At December 31, 2009 Intangible assets, net were $14.5 billion. In connection with our application of fresh-start reporting, we recorded Intangible assets at their fair value of $16.1 billion at July 10, 2009. Newly recorded identifiable intangible assets include brand names, our dealer network, customer relationships, developed technologies, favorable contracts and other intangible assets.

At December 31, 2009 Other assets of $4.7 billion was primarily comprised of our cost method investments in Ally Financial common and preferred stock, restricted cash and marketable securities and deferred income taxes. In connection with our application of fresh-start reporting, we recorded our investments in Ally Financial common and preferred stock at their fair values of $1.3 billion and $0.7 billion at July 10, 2009. In the three months ended December 31, 2009 we recorded an impairment charge of $0.3 billion related to our investment in Ally Financial common stock. At December 31, 2009 Restricted cash of $1.5 billion was primarily comprised of collateral for insurance related activities and other cash collateral requirements.

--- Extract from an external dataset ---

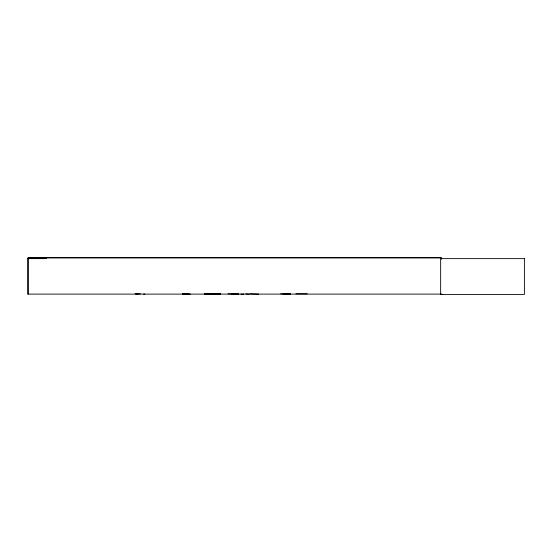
<?xml version="1.0" encoding="UTF-8"?>
<svg xmlns="http://www.w3.org/2000/svg" width="552" height="552" viewBox="0 0 552 552"><rect width="100%" height="100%" fill="white"/><g stroke="black" fill="none" stroke-linecap="round" stroke-linejoin="round"><path stroke-width="0.83" d="M240.92 294.099L243.742 294.071M206.255 294.112L206.648 294.112M207.621 294.099L208.145 293.981M208.014 294.099L208.249 294.112M215.818 293.981L216.315 294.112M216.874 294.106L217.64 294.092M217.385 293.981L217.895 294.099M228.017 293.809L238.823 294.085L231.502 294.099M218.516 294.009L218.944 294.016M219.889 294.085L220.469 294.092M218.192 294.016L218.62 294.009M218.626 294.106L218.716 294.092M136.075 294.099L136.441 294.071M137.917 294.037L137.469 294.071M440.648 257.963L27.6 257.963L27.6 294.112L441.959 294.112M27.6 258.633L46.534 258.633M182.319 293.968L189.025 293.961M204.337 293.968L220.372 293.947M283.804 293.961L290.511 293.968M144.921 294.099L143.541 294.071M182.326 294.092L190.523 294.099M204.343 294.092L220.51 294.085M248.745 294.099L245.861 293.809M258.681 294.099L249.656 293.809M290.504 294.092L280.651 293.809M307.291 293.809L295.844 293.809M441.621 259.288L441.621 257.591L28.573 257.591L28.573 294.112M140.484 293.809L135.123 293.809M232.447 293.947L232.827 294.085L232.447 293.947M524.4 258.633L440.648 258.633L440.648 294.409L524.4 294.409L524.4 258.633"/></g></svg>

Old GM (at December 31, 2008)

At December 31, 2008 Equity in net assets of nonconsolidated affiliates of $2.1 billion was primarily comprised of Old GM’s investments in SGM, SGMW and Ally Financial. In May 2009 Old GM’s ownership interest in Ally Financial’s Common Membership Interests was reduced to 24.5% and at June 30, 2009 Ally Financial converted its status to a C corporation. At that date Old GM began to account for its investment in Ally Financial using the cost method rather than equity method as Old GM no longer exercised significant influence over Ally Financial.

At December 31, 2008 Other assets of $4.7 billion was primarily comprised of restricted cash, primarily collateral for insurance related activities and other cash collateral requirements, taxes other than income, derivative assets and debt issuance expense.